ASSIGNMENT | For this exercise, return exactly the lines of the material below that begin at the one with "#190=AXIS2_PLACEMENT_3D('',#187,#188,#189);" and stop after the one with "#209=EDGE_CURVE('E555',#197,#208,#206,.T.);".

LISTED RECORDS |

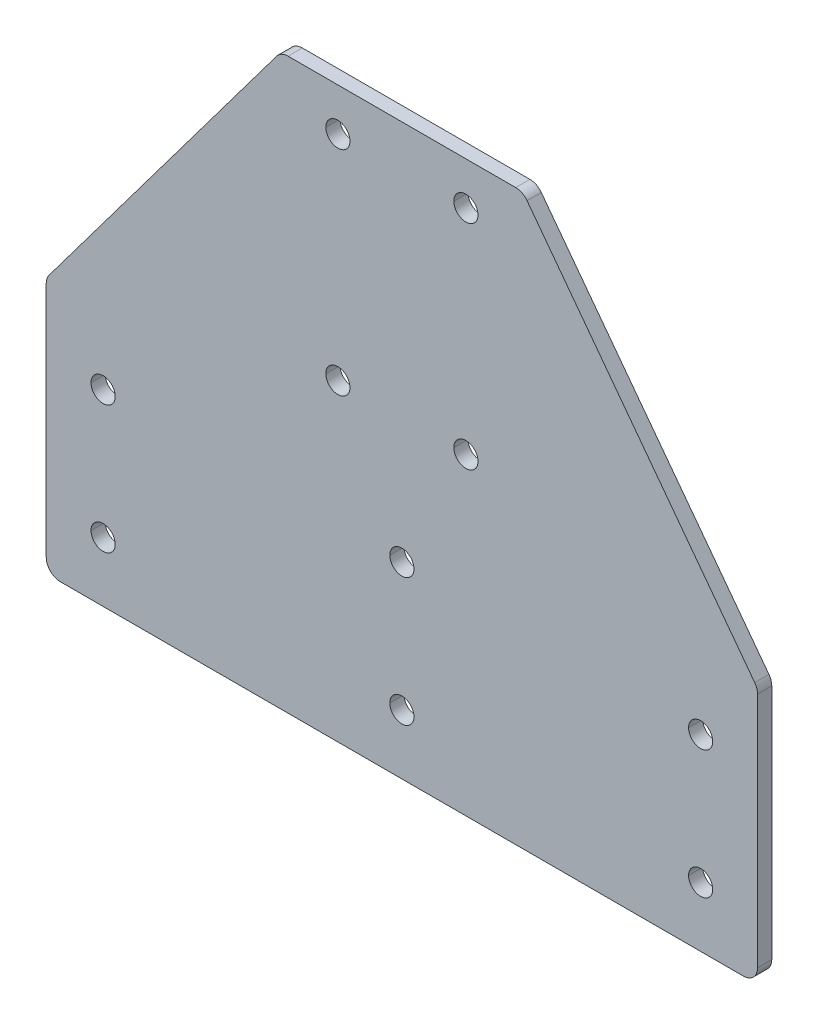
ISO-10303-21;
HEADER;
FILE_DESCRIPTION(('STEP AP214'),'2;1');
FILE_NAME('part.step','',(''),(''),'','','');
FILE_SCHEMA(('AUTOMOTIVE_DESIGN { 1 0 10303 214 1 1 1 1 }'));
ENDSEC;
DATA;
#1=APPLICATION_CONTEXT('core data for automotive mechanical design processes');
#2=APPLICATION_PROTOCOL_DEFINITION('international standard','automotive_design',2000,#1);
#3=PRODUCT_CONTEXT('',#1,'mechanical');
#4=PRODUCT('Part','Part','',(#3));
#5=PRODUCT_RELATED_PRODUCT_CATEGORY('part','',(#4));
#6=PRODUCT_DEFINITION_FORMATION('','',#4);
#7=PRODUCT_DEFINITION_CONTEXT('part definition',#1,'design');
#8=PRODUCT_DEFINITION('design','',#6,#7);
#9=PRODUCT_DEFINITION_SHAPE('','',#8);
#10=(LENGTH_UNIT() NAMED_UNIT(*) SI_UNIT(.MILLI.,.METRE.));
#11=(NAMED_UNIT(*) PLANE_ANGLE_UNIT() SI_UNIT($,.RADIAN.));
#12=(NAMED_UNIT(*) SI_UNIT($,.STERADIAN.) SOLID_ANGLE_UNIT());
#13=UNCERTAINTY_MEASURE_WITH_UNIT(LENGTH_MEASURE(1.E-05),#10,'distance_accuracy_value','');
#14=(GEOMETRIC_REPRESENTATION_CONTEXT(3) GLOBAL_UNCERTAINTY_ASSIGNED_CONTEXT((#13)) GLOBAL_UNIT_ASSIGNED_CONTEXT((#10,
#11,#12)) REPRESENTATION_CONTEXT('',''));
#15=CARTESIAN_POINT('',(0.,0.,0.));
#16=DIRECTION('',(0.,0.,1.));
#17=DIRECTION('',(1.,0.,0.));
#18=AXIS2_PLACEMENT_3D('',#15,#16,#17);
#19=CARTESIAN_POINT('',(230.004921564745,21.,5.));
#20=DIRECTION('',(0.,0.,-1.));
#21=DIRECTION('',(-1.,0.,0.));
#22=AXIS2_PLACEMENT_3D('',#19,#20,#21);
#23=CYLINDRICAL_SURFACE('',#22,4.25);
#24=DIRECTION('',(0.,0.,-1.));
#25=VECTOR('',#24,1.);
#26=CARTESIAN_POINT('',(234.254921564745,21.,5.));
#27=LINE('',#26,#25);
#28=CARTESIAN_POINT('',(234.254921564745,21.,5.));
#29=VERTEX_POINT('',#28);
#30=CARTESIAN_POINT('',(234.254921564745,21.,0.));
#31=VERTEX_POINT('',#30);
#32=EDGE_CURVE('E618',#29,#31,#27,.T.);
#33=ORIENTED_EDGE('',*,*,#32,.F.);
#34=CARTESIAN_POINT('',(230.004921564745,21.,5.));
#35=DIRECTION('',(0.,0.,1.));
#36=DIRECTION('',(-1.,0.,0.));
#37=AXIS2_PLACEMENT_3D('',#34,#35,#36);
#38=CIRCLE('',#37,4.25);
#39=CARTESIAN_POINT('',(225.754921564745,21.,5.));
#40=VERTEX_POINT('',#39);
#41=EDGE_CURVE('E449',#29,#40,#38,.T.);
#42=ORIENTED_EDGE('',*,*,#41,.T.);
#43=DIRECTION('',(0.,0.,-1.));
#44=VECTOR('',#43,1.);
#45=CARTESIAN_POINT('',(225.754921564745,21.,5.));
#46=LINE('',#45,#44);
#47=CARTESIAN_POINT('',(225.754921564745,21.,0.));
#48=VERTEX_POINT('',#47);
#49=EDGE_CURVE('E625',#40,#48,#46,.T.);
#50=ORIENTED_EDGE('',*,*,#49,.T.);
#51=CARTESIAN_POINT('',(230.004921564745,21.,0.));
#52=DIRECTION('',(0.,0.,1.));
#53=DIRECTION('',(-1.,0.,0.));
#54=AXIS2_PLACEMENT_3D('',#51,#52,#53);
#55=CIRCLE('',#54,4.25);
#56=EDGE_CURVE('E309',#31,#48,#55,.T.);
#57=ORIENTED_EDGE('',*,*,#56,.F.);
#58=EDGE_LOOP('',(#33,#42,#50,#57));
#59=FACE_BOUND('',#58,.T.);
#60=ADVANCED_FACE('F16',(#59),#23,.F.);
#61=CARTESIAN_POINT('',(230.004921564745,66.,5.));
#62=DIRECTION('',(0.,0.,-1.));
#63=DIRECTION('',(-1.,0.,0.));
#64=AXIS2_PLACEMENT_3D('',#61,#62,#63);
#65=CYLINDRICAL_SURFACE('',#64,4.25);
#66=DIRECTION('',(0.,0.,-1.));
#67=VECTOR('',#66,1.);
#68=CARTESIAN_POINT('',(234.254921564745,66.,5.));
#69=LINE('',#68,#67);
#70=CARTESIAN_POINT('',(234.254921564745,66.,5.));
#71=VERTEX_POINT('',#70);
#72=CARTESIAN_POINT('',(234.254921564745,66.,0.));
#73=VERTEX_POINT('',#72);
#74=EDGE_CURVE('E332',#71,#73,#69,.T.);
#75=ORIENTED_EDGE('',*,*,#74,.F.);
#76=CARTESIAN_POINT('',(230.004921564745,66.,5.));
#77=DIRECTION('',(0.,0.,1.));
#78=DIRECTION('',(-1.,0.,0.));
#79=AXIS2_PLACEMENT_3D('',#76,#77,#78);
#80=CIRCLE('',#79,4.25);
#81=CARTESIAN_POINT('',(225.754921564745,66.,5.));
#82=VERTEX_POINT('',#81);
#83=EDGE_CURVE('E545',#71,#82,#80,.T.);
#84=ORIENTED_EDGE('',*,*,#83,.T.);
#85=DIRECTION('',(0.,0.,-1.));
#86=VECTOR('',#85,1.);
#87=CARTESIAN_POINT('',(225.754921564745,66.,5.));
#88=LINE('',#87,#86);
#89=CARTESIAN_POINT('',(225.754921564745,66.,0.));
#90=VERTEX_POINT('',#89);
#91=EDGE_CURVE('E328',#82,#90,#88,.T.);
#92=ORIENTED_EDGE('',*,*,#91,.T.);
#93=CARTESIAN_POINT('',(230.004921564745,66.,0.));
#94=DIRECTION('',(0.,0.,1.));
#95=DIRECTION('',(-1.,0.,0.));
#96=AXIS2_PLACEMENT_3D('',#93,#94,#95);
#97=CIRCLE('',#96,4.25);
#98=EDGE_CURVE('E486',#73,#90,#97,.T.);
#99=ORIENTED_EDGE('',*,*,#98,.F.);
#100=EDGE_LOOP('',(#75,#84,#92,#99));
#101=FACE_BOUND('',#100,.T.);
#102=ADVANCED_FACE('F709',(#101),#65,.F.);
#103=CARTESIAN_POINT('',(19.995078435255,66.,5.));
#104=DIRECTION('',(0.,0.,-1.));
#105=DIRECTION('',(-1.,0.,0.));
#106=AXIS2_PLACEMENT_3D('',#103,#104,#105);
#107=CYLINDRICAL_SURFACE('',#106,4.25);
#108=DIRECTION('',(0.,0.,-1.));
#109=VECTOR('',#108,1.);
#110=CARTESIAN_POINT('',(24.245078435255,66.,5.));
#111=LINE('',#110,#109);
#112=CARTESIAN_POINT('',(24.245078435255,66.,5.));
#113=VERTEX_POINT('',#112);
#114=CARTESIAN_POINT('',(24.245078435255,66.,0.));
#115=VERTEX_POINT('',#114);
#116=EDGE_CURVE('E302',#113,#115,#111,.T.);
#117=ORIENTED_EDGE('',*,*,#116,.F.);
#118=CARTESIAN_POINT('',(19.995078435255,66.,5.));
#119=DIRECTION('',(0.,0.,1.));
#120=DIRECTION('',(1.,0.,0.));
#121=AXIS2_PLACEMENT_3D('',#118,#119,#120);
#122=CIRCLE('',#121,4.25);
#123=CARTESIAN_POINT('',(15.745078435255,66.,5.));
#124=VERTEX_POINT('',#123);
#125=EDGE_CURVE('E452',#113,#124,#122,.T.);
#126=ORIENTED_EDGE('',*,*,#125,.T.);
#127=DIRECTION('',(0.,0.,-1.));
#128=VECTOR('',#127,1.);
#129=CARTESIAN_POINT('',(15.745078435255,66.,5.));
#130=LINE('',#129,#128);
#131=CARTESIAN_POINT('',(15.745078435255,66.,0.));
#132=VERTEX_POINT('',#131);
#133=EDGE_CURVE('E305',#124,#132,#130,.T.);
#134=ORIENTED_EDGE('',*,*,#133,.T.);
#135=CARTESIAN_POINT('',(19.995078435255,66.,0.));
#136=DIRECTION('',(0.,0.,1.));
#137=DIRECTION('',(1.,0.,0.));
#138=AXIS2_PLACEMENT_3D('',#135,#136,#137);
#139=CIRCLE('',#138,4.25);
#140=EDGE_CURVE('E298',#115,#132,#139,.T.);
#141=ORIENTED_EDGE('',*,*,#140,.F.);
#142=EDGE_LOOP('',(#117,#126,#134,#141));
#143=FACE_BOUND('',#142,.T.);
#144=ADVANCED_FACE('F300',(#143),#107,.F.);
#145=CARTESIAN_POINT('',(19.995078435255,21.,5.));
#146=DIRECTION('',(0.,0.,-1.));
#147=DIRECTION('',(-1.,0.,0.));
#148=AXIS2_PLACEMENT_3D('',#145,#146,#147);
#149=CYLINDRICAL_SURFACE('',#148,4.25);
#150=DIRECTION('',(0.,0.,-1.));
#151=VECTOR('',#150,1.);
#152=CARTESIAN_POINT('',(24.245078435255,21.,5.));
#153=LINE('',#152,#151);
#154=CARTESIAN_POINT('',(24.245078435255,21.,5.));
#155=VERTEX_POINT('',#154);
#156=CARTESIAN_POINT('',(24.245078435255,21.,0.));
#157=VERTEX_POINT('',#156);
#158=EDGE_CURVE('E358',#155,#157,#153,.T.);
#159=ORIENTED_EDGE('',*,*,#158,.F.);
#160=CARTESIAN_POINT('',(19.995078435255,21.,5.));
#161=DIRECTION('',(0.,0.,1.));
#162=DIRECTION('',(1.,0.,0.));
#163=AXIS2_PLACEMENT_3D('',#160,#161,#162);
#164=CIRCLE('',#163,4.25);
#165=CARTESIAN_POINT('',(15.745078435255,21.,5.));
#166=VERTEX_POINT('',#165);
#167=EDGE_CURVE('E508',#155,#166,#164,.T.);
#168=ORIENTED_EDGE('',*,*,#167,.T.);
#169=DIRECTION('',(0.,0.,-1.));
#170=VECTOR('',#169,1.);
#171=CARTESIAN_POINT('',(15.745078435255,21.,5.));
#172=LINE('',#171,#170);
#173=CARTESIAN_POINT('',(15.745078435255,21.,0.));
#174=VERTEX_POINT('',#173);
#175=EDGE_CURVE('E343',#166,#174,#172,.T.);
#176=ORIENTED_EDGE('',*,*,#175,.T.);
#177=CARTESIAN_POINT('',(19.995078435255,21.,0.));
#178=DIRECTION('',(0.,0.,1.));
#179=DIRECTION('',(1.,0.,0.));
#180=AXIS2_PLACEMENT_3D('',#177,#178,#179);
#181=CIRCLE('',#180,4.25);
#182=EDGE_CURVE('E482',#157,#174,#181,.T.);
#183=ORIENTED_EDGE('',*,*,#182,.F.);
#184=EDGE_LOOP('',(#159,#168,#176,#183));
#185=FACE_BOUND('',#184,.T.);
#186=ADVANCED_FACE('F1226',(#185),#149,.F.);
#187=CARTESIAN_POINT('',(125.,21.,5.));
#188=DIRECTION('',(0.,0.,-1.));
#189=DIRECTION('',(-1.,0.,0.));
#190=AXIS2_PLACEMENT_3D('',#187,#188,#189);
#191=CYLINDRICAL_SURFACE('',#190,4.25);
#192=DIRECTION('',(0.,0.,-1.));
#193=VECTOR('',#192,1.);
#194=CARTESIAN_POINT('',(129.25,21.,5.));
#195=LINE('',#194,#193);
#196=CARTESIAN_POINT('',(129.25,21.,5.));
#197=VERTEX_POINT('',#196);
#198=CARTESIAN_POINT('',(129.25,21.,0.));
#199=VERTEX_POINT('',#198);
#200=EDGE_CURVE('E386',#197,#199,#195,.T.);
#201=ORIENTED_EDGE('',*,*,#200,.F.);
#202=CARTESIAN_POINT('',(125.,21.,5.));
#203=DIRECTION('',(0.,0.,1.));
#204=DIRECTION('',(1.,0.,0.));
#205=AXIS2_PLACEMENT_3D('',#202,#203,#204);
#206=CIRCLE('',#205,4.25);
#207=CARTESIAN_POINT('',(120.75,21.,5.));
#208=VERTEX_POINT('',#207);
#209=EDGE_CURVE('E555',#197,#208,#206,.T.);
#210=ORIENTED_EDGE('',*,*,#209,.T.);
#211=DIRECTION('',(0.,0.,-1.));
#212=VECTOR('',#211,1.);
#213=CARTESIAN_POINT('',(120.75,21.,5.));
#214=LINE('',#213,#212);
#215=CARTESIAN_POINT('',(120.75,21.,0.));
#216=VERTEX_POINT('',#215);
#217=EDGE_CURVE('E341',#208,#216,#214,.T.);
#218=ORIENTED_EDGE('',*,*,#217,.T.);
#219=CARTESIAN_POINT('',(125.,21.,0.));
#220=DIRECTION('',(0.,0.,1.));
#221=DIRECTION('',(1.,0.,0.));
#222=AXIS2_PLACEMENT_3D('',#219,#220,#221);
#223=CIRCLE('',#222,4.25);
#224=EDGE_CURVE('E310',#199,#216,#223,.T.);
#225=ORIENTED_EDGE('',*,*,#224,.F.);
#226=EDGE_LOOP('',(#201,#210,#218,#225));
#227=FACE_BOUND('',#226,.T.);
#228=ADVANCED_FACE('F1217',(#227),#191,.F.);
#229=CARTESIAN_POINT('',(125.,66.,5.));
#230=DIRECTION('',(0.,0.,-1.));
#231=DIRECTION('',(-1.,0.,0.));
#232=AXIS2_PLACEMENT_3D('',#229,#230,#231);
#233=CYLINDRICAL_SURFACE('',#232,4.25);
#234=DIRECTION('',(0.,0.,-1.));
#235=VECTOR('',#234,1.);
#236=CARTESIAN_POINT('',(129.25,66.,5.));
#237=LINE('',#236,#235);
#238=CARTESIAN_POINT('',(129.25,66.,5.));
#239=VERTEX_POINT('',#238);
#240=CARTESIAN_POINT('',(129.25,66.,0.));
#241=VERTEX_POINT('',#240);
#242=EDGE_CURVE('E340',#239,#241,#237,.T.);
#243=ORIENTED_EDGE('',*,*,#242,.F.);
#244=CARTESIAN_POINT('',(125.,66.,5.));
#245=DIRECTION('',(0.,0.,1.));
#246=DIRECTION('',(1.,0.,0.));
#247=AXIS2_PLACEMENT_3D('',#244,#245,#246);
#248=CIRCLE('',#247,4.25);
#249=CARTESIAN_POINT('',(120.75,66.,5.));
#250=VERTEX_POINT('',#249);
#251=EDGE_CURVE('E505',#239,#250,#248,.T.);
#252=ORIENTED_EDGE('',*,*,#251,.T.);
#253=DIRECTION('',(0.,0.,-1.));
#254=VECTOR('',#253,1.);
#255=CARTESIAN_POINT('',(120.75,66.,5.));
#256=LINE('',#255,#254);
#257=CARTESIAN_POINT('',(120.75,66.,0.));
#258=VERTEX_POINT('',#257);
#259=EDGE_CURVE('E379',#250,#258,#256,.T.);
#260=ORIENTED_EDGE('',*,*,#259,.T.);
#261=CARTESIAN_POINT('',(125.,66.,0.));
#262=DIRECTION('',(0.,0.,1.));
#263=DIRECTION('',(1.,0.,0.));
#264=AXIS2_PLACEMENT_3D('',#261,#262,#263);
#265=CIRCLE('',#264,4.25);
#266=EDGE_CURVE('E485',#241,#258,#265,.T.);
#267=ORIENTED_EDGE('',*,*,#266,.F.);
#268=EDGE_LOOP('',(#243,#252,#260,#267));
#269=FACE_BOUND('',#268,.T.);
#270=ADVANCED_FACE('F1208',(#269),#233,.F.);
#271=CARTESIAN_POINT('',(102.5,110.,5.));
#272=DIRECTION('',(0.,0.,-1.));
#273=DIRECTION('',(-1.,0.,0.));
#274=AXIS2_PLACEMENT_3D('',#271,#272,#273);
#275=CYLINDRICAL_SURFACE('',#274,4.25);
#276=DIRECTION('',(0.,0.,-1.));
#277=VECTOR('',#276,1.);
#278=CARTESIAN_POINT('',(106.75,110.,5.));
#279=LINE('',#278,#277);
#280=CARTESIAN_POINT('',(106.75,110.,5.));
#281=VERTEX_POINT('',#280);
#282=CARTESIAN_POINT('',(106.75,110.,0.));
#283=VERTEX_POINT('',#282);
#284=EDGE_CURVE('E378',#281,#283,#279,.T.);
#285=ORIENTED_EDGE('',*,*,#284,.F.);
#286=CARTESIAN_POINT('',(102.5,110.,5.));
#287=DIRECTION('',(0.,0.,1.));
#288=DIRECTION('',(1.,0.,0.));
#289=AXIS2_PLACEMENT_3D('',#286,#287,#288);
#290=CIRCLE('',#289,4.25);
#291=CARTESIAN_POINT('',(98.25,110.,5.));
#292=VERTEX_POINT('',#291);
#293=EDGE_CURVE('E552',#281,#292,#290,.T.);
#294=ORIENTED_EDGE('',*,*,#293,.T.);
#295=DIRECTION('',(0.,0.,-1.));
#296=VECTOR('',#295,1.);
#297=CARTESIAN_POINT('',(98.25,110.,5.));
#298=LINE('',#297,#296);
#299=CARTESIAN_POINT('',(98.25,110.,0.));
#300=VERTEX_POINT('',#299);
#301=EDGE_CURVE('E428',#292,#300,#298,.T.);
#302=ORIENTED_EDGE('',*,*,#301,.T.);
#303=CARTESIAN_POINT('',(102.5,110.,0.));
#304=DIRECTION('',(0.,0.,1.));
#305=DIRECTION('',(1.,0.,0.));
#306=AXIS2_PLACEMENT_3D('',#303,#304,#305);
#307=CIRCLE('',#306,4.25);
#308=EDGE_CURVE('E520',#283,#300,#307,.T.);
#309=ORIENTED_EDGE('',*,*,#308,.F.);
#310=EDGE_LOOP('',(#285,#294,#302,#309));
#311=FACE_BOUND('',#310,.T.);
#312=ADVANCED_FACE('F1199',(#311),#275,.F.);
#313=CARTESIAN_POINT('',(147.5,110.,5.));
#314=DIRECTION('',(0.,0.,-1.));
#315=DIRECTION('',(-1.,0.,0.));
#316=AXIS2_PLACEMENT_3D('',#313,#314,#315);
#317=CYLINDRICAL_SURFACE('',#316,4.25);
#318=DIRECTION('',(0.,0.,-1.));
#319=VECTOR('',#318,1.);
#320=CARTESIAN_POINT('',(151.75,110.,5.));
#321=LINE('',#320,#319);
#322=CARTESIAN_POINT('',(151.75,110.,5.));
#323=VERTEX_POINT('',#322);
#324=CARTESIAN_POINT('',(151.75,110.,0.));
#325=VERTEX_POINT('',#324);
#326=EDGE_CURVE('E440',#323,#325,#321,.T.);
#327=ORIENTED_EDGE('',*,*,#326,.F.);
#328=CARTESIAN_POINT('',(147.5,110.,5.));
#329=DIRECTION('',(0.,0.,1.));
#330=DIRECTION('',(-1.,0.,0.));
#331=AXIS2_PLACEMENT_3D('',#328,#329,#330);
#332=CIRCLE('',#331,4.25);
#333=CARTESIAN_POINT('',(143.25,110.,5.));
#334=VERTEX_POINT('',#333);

SOLUTION |
#190=AXIS2_PLACEMENT_3D('',#187,#188,#189);
#191=CYLINDRICAL_SURFACE('',#190,4.25);
#192=DIRECTION('',(0.,0.,-1.));
#193=VECTOR('',#192,1.);
#194=CARTESIAN_POINT('',(129.25,21.,5.));
#195=LINE('',#194,#193);
#196=CARTESIAN_POINT('',(129.25,21.,5.));
#197=VERTEX_POINT('',#196);
#198=CARTESIAN_POINT('',(129.25,21.,0.));
#199=VERTEX_POINT('',#198);
#200=EDGE_CURVE('E386',#197,#199,#195,.T.);
#201=ORIENTED_EDGE('',*,*,#200,.F.);
#202=CARTESIAN_POINT('',(125.,21.,5.));
#203=DIRECTION('',(0.,0.,1.));
#204=DIRECTION('',(1.,0.,0.));
#205=AXIS2_PLACEMENT_3D('',#202,#203,#204);
#206=CIRCLE('',#205,4.25);
#207=CARTESIAN_POINT('',(120.75,21.,5.));
#208=VERTEX_POINT('',#207);
#209=EDGE_CURVE('E555',#197,#208,#206,.T.);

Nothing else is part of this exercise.